Making Automatic Intervention Decisions Using Machine LearningMachine learning models are increasingly deployed to make automated decisions. Large-scale examples include targeting online advertisements, targeting retention incentives to customers who are at high risk for attrition, and making online recommendations. While these tasks are typically modeled as predictive problems, their underlying goal is often to improve an outcome by means of an intervention. For example, in many advertising settings, the goal is not to target ads to people who will purchase after seeing the ad, but to target people for whom the ad will lead them to purchase. So, instead of simply predicting the outcome, for tasks such as these we ideally would like to estimate whether an individual’s outcome can be changed with an intervention.
An increasingly popular approach to make this type of decisions is to use machine learning models to estimate intervention effects, and then use the models to make intervention decisions automatically. However, estimating intervention effects and making intervention decisions are not the same thing. As an example, suppose that some firm is willing to send an offer to customers for whom it increases the probability of purchasing by at least 1%. Then, precisely estimating intervention effects is desirable but not necessary; the only concern is identifying those individuals for whom the effect is greater than 1%. Importantly, overestimating (underestimating) the effect has no bearing on decision making when the focal individuals have an effect greater (smaller) than 1%.
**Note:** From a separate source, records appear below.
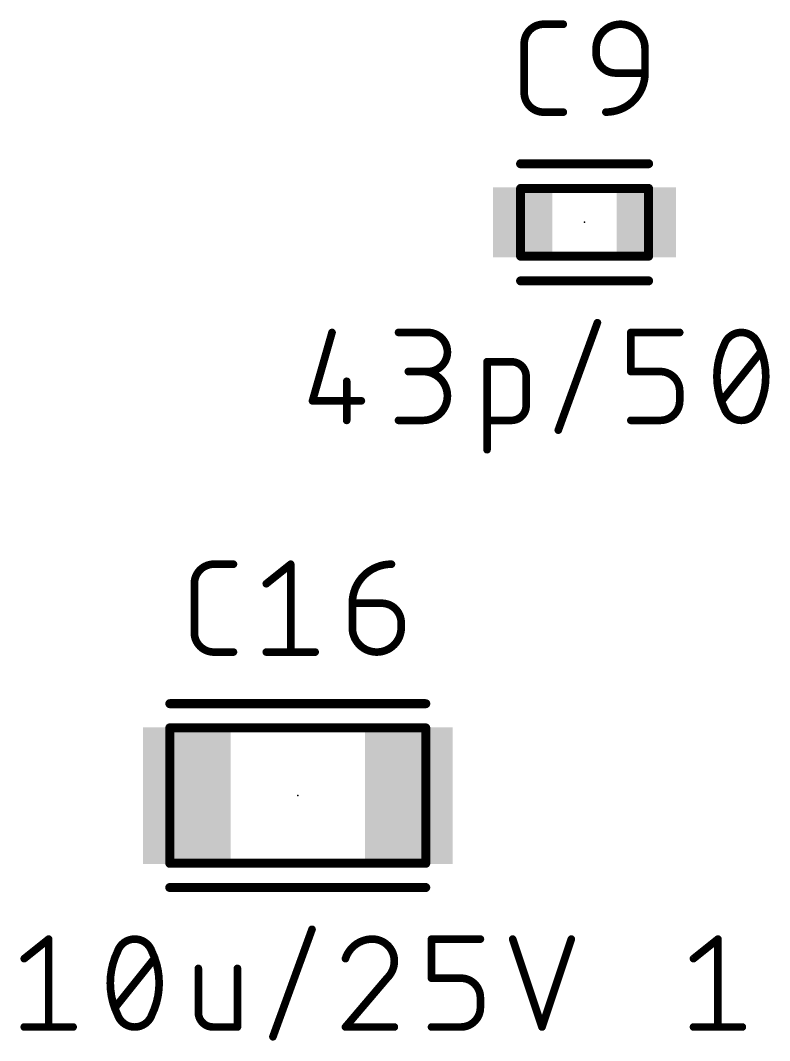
# Model space of a CAD drawing. Extents: x -104 to 160, y 0 to 118.
# Drawn here: x -104.01 to -94.06, y 91.99 to 105.55 of the extents above; entities that cross this region are included whole.
import ezdxf

# ---------------------------------------------------------------- set-up
doc = ezdxf.new("R2010")
doc.units = 0
for name, color, linetype in [('1', 12, 'CONTINUOUS'), ('21', 253, 'CONTINUOUS'), ('23', 53, 'CONTINUOUS'), ('25', 253, 'CONTINUOUS'), ('27', 253, 'CONTINUOUS'), ('51', 253, 'CONTINUOUS')]:
    doc.layers.add(name, color=color, linetype=linetype)

# ---------------------------------------------------------------- blocks, each defined once
blk = doc.blocks.new('RECT')
blk.add_solid([(-0.5, -0.5), (0.5, -0.5), (-0.5, 0.5), (0.5, 0.5)])

msp = doc.modelspace()

# ---------------------------------------------------------------- linework, layer by layer
at = {"layer": '21', "const_width": 0.12}
for points in [[(-95.67, 103.6486), (-97.37, 103.6486)], [(-95.67, 102.0914), (-97.37, 102.0914)], [(-98.63, 96.4717), (-102.03, 96.4717)], [(-98.63, 94.0283), (-102.03, 94.0283)]]:
    msp.add_lwpolyline(points, dxfattribs=at)
at = {"layer": '21', "const_width": 0.06}
for points in [[(-97.37, 103.6786, 1), (-97.37, 103.6186)], [(-95.67, 103.6186, 1), (-95.67, 103.6786)], [(-97.37, 102.1214, 1), (-97.37, 102.0614)], [(-95.67, 102.0614, 1), (-95.67, 102.1214)], [(-102.03, 96.5017, 1), (-102.03, 96.4417)], [(-98.63, 96.4417, 1), (-98.63, 96.5017)], [(-102.03, 94.0583, 1), (-102.03, 93.9983)], [(-98.63, 93.9983, 1), (-98.63, 94.0583)]]:
    msp.add_lwpolyline(points, format="xyb", dxfattribs=at)
at = {"layer": '23'}
for p in [(-96.52, 102.87), (-100.33, 95.25)]:
    msp.add_point(p, dxfattribs=at)
at = {"layer": '25'}
for points, const_width in [([(-97.0628, 105.5028, 0.4142), (-97.3225, 105.2432)], 0.1016), ([(-97.0628, 105.5282, 1), (-97.0628, 105.4774)], 0.0508), ([(-97.0628, 105.4774, 1), (-97.0628, 105.5282)], 0.0508), ([(-96.8032, 105.4774, 1), (-96.8032, 105.5282)], 0.0508), ([(-95.7175, 105.1782, 1), (-96.3666, 105.1782)], 0.1016), ([(-97.2971, 105.2432, 1), (-97.3479, 105.2432)], 0.0508), ([(-97.3479, 105.2432, 1), (-97.2971, 105.2432)], 0.0508), ([(-96.3412, 105.1782, 1), (-96.392, 105.1782)], 0.0508), ([(-95.6921, 105.1782, 1), (-95.7429, 105.1782)], 0.0508), ([(-96.392, 105.1782, 1), (-96.3412, 105.1782)], 0.0508), ([(-96.3666, 105.1133, 0.4142), (-96.107, 104.8537)], 0.1016), ([(-96.3412, 105.1133, 1), (-96.392, 105.1133)], 0.0508), ([(-96.392, 105.1133, 1), (-96.3412, 105.1133)], 0.0508), ([(-95.7429, 105.1782, 1), (-95.6921, 105.1782)], 0.0508), ([(-96.2368, 104.3344, 0.4142), (-95.7175, 104.8537)], 0.1016), ([(-96.107, 104.8791, 1), (-96.107, 104.8283)], 0.0508), ([(-96.107, 104.8283, 1), (-96.107, 104.8791)], 0.0508), ([(-95.6921, 104.8537, 1), (-95.7429, 104.8537)], 0.0508), ([(-95.7429, 104.8537, 1), (-95.6921, 104.8537)], 0.0508), ([(-95.7175, 104.8283, 1), (-95.7175, 104.8791)], 0.0508), ([(-97.3225, 104.594, 0.4142), (-97.0628, 104.3344)], 0.1016), ([(-97.2971, 104.594, 1), (-97.3479, 104.594)], 0.0508), ([(-97.3479, 104.594, 1), (-97.2971, 104.594)], 0.0508), ([(-97.0628, 104.3598, 1), (-97.0628, 104.309)], 0.0508), ([(-97.0628, 104.309, 1), (-97.0628, 104.3598)], 0.0508), ([(-96.8032, 104.309, 1), (-96.8032, 104.3598)], 0.0508), ([(-96.2368, 104.3598, 1), (-96.2368, 104.309)], 0.0508), ([(-101.4443, 98.3259, 0.4142), (-101.704, 98.0663)], 0.1016), ([(-101.4443, 98.3513, 1), (-101.4443, 98.3005)], 0.0508), ([(-101.4443, 98.3005, 1), (-101.4443, 98.3513)], 0.0508), ([(-101.1847, 98.3005, 1), (-101.1847, 98.3513)], 0.0508), ([(-100.3982, 98.3259, 1), (-100.449, 98.3259)], 0.0508), ([(-100.4077, 98.3061, 1), (-100.4395, 98.3457)], 0.0508), ([(-99.0859, 98.3259, 0.4142), (-99.6051, 97.8066)], 0.1016), ([(-99.0859, 98.3005, 1), (-99.0859, 98.3513)], 0.0508), ([(-101.6786, 98.0663, 1), (-101.7294, 98.0663)], 0.0508), ([(-101.7294, 98.0663, 1), (-101.6786, 98.0663)], 0.0508), ([(-100.764, 98.0861, 1), (-100.7323, 98.0464)], 0.0508), ([(-99.6051, 97.832, 1), (-99.6051, 97.7812)], 0.0508), ([(-99.5797, 97.8066, 1), (-99.6305, 97.8066)], 0.0508), ([(-99.6305, 97.8066, 1), (-99.5797, 97.8066)], 0.0508), ([(-98.956, 97.547, 0.4142), (-99.2157, 97.8066)], 0.1016), ([(-99.2157, 97.832, 1), (-99.2157, 97.7812)], 0.0508), ([(-99.2157, 97.7812, 1), (-99.2157, 97.832)], 0.0508), ([(-99.6051, 97.4821, 1), (-98.956, 97.4821)], 0.1016), ([(-99.5797, 97.4821, 1), (-99.6305, 97.4821)], 0.0508), ([(-99.6305, 97.4821, 1), (-99.5797, 97.4821)], 0.0508), ([(-98.9306, 97.547, 1), (-98.9814, 97.547)], 0.0508), ([(-98.9814, 97.547, 1), (-98.9306, 97.547)], 0.0508), ([(-98.9306, 97.4821, 1), (-98.9814, 97.4821)], 0.0508), ([(-98.9814, 97.4821, 1), (-98.9306, 97.4821)], 0.0508), ([(-101.704, 97.4171, 0.4142), (-101.4443, 97.1575)], 0.1016), ([(-101.6786, 97.4171, 1), (-101.7294, 97.4171)], 0.0508), ([(-101.7294, 97.4171, 1), (-101.6786, 97.4171)], 0.0508), ([(-101.4443, 97.1829, 1), (-101.4443, 97.1321)], 0.0508), ([(-101.4443, 97.1321, 1), (-101.4443, 97.1829)], 0.0508), ([(-101.1847, 97.1321, 1), (-101.1847, 97.1829)], 0.0508), ([(-100.7481, 97.1829, 1), (-100.7481, 97.1321)], 0.0508), ([(-100.449, 97.1575, 1), (-100.3982, 97.1575)], 0.0508), ([(-100.099, 97.1321, 1), (-100.099, 97.1829)], 0.0508)]:
    msp.add_lwpolyline(points, format="xyb", dxfattribs=dict(at, const_width=const_width))
at = {"layer": '25', "const_width": 0.1016}
for points in [[(-97.0628, 105.5028), (-96.8032, 105.5028)], [(-97.3225, 104.594), (-97.3225, 105.2432)], [(-96.3666, 105.1133), (-96.3666, 105.1782)], [(-95.7175, 105.1782), (-95.7175, 104.8537)], [(-95.7175, 104.8537), (-96.107, 104.8537)], [(-96.8032, 104.3344), (-97.0628, 104.3344)], [(-101.4443, 98.3259), (-101.1847, 98.3259)], [(-100.7481, 98.0663), (-100.4236, 98.3259)], [(-100.4236, 98.3259), (-100.4236, 97.1575)], [(-101.704, 97.4171), (-101.704, 98.0663)], [(-99.6051, 97.8066), (-99.2157, 97.8066)], [(-99.6051, 97.4821), (-99.6051, 97.8066)], [(-98.956, 97.547), (-98.956, 97.4821)], [(-101.1847, 97.1575), (-101.4443, 97.1575)], [(-100.7481, 97.1575), (-100.099, 97.1575)]]:
    msp.add_lwpolyline(points, dxfattribs=at)
at = {"layer": '27', "const_width": 0.1016}
for points in [[(-96.8693, 100.1074), (-96.35, 101.5354)], [(-99.8749, 101.4056), (-100.1346, 100.4968)], [(-98.9916, 101.4056), (-98.6021, 101.4056)], [(-95.9055, 100.8863), (-95.9055, 101.4056)], [(-95.9055, 101.4056), (-95.2564, 101.4056)], [(-94.6976, 100.4968), (-94.1783, 101.146)], [(-97.8159, 99.8477), (-97.8159, 101.0161)], [(-97.8159, 101.0161), (-97.4913, 101.0161)], [(-98.6021, 100.8863), (-98.8617, 100.8863)], [(-95.516, 100.8863), (-95.9055, 100.8863)], [(-99.6802, 100.7565), (-99.6802, 100.2372)], [(-97.2966, 100.8214), (-97.2966, 100.4319)], [(-95.2564, 100.4968), (-95.2564, 100.6267)], [(-100.1346, 100.4968), (-99.4854, 100.4968)], [(-98.9916, 100.2372), (-98.667, 100.2372)], [(-97.4913, 100.2372), (-97.8159, 100.2372)], [(-95.9055, 100.2372), (-95.516, 100.2372)], [(-100.6602, 92.0443), (-100.1409, 93.4723)], [(-103.9636, 93.0829), (-103.6391, 93.3425)], [(-103.6391, 93.3425), (-103.6391, 92.1741)], [(-98.5534, 92.8232), (-98.5534, 93.3425)], [(-98.5534, 93.3425), (-97.9043, 93.3425)], [(-97.4753, 93.3425), (-97.0859, 92.1741)], [(-97.0859, 92.1741), (-96.6964, 93.3425)], [(-95.0736, 93.0829), (-94.7491, 93.3425)], [(-94.7491, 93.3425), (-94.7491, 92.1741)], [(-102.7557, 92.4337), (-102.2364, 93.0829)], [(-101.6508, 92.953), (-101.6508, 92.3688)], [(-101.1315, 92.1741), (-101.1315, 92.953)], [(-99.1447, 92.8232), (-99.6964, 92.1741)], [(-98.1639, 92.8232), (-98.5534, 92.8232)], [(-97.9043, 92.4337), (-97.9043, 92.5636)], [(-103.9636, 92.1741), (-103.3145, 92.1741)], [(-101.4561, 92.1741), (-101.1315, 92.1741)], [(-99.6964, 92.1741), (-99.0473, 92.1741)], [(-98.5534, 92.1741), (-98.1639, 92.1741)], [(-95.0736, 92.1741), (-94.4245, 92.1741)]]:
    msp.add_lwpolyline(points, dxfattribs=at)
at = {"layer": '27'}
for points, const_width in [([(-96.3261, 101.5267, 1), (-96.3738, 101.5441)], 0.0508), ([(-99.8505, 101.3986, 1), (-99.8993, 101.4126)], 0.0508), ([(-98.9916, 101.431, 1), (-98.9916, 101.3802)], 0.0508), ([(-98.6021, 100.8863, 1), (-98.6021, 101.4056)], 0.1016), ([(-98.6021, 101.431, 1), (-98.6021, 101.3802)], 0.0508), ([(-98.6021, 101.3802, 1), (-98.6021, 101.431)], 0.0508), ([(-95.8801, 101.4056, 1), (-95.9309, 101.4056)], 0.0508), ([(-95.9055, 101.431, 1), (-95.9055, 101.3802)], 0.0508), ([(-95.2564, 101.3802, 1), (-95.2564, 101.431)], 0.0508), ([(-94.4379, 101.4056, 0.3205), (-94.6651, 101.2433)], 0.1016), ([(-94.2107, 101.2433, 0.3205), (-94.4379, 101.4056)], 0.1016), ([(-94.4379, 101.431, 1), (-94.4379, 101.3802)], 0.0508), ([(-94.4379, 101.3802, 1), (-94.4379, 101.431)], 0.0508), ([(-94.6651, 101.2433, 0.1139), (-94.7625, 100.8214)], 0.1016), ([(-94.6891, 101.2516, 1), (-94.6411, 101.2351)], 0.0508), ([(-94.6423, 101.2322, 1), (-94.6879, 101.2545)], 0.0508), ([(-94.1879, 101.2545, 1), (-94.2336, 101.2322)], 0.0508), ([(-94.1134, 100.8214, 0.1139), (-94.2107, 101.2433)], 0.1016), ([(-94.2347, 101.2351, 1), (-94.1867, 101.2516)], 0.0508), ([(-94.1584, 101.1301, 1), (-94.1981, 101.1618)], 0.0508), ([(-97.7905, 101.0161, 1), (-97.8413, 101.0161)], 0.0508), ([(-97.8159, 101.0415, 1), (-97.8159, 100.9907)], 0.0508), ([(-97.2966, 100.8214, 0.4142), (-97.4913, 101.0161)], 0.1016), ([(-97.4913, 101.0415, 1), (-97.4913, 100.9907)], 0.0508), ([(-97.4913, 100.9907, 1), (-97.4913, 101.0415)], 0.0508), ([(-98.8617, 100.9117, 1), (-98.8617, 100.8609)], 0.0508), ([(-98.667, 100.2372, 1), (-98.667, 100.8863)], 0.1016), ([(-98.667, 100.9117, 1), (-98.667, 100.8609)], 0.0508), ([(-98.6021, 100.9117, 1), (-98.6021, 100.8609)], 0.0508), ([(-98.6021, 100.8609, 1), (-98.6021, 100.9117)], 0.0508), ([(-95.9055, 100.9117, 1), (-95.9055, 100.8609)], 0.0508), ([(-95.9309, 100.8863, 1), (-95.8801, 100.8863)], 0.0508), ([(-95.2564, 100.6267, 0.4142), (-95.516, 100.8863)], 0.1016), ([(-95.516, 100.9117, 1), (-95.516, 100.8609)], 0.0508), ([(-95.516, 100.8609, 1), (-95.516, 100.9117)], 0.0508), ([(-99.6548, 100.7565, 1), (-99.7056, 100.7565)], 0.0508), ([(-97.2712, 100.8214, 1), (-97.322, 100.8214)], 0.0508), ([(-97.322, 100.8214, 1), (-97.2712, 100.8214)], 0.0508), ([(-94.7625, 100.8214, 0.1139), (-94.6651, 100.3995)], 0.1016), ([(-94.7371, 100.8214, 1), (-94.7879, 100.8214)], 0.0508), ([(-94.7879, 100.8214, 1), (-94.7371, 100.8214)], 0.0508), ([(-94.2107, 100.3995, 0.1139), (-94.1134, 100.8214)], 0.1016), ([(-94.088, 100.8214, 1), (-94.1388, 100.8214)], 0.0508), ([(-94.1388, 100.8214, 1), (-94.088, 100.8214)], 0.0508), ([(-95.231, 100.6267, 1), (-95.2818, 100.6267)], 0.0508), ([(-95.2818, 100.6267, 1), (-95.231, 100.6267)], 0.0508), ([(-100.1346, 100.5222, 1), (-100.1346, 100.4714)], 0.0508), ([(-100.159, 100.5038, 1), (-100.1101, 100.4899)], 0.0508), ([(-99.4854, 100.4714, 1), (-99.4854, 100.5222)], 0.0508), ([(-97.4913, 100.2372, 0.4142), (-97.2966, 100.4319)], 0.1016), ([(-97.2712, 100.4319, 1), (-97.322, 100.4319)], 0.0508), ([(-95.516, 100.2372, 0.4142), (-95.2564, 100.4968)], 0.1016), ([(-95.231, 100.4968, 1), (-95.2818, 100.4968)], 0.0508), ([(-95.2818, 100.4968, 1), (-95.231, 100.4968)], 0.0508), ([(-94.7174, 100.5127, 1), (-94.6777, 100.481)], 0.0508), ([(-97.322, 100.4319, 1), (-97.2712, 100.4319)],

My research shows that estimates of intervention effects are important for making decisions only to the extent that they help to classify individuals according to their preferred interventions. My dissertation project reveals three critical implications that this has for modeling and decision making:
- We should carefully consider the objective function of the machine learning algorithm used to learn targeting models, and if possible, it should optimize for accurate decisions rather than for accurate effect-size estimation. Thus, a practitioner using a machine learning algorithm that is geared toward accurately estimating effects (as most are) may be making a mistake. In the context of music recommendation systems at Spotify, my research shows that learning models by optimizing for intervention decisions can increase user engagement by 28% more than learning models by optimizing for intervention effects.
- Biases in the data generating process do not affect decision making in the same way as effect estimation. The upshot is that biased data may be just as good as unbiased data when the goal is to learn models for automated decision making. This is an encouraging insight given that acquiring unbiased data for modeling can be quite costly and often simply impracticable. Furthermore, even when there is unbiased data available—for example, from a randomized controlled trial—often there is much more biased data, so there is a bias/variance tradeoff to be considered.
- Causal statistical modeling may not be necessary at all to support intervention decisions, because there may be some proxy target variable to determine good candidates for the interventions. For example, my research shows that targeting ads based on the likelihood of a purchase (the proxy) can work very well when the goal is to increase purchases, meaning that it is possible to make good targeting decisions even without any data on how people actually behave when targeted with the ad. This also helps to explain at least one broad common marketing practice that seems “wrong” at first blush—the widespread use of non-causal models for targeting interventions.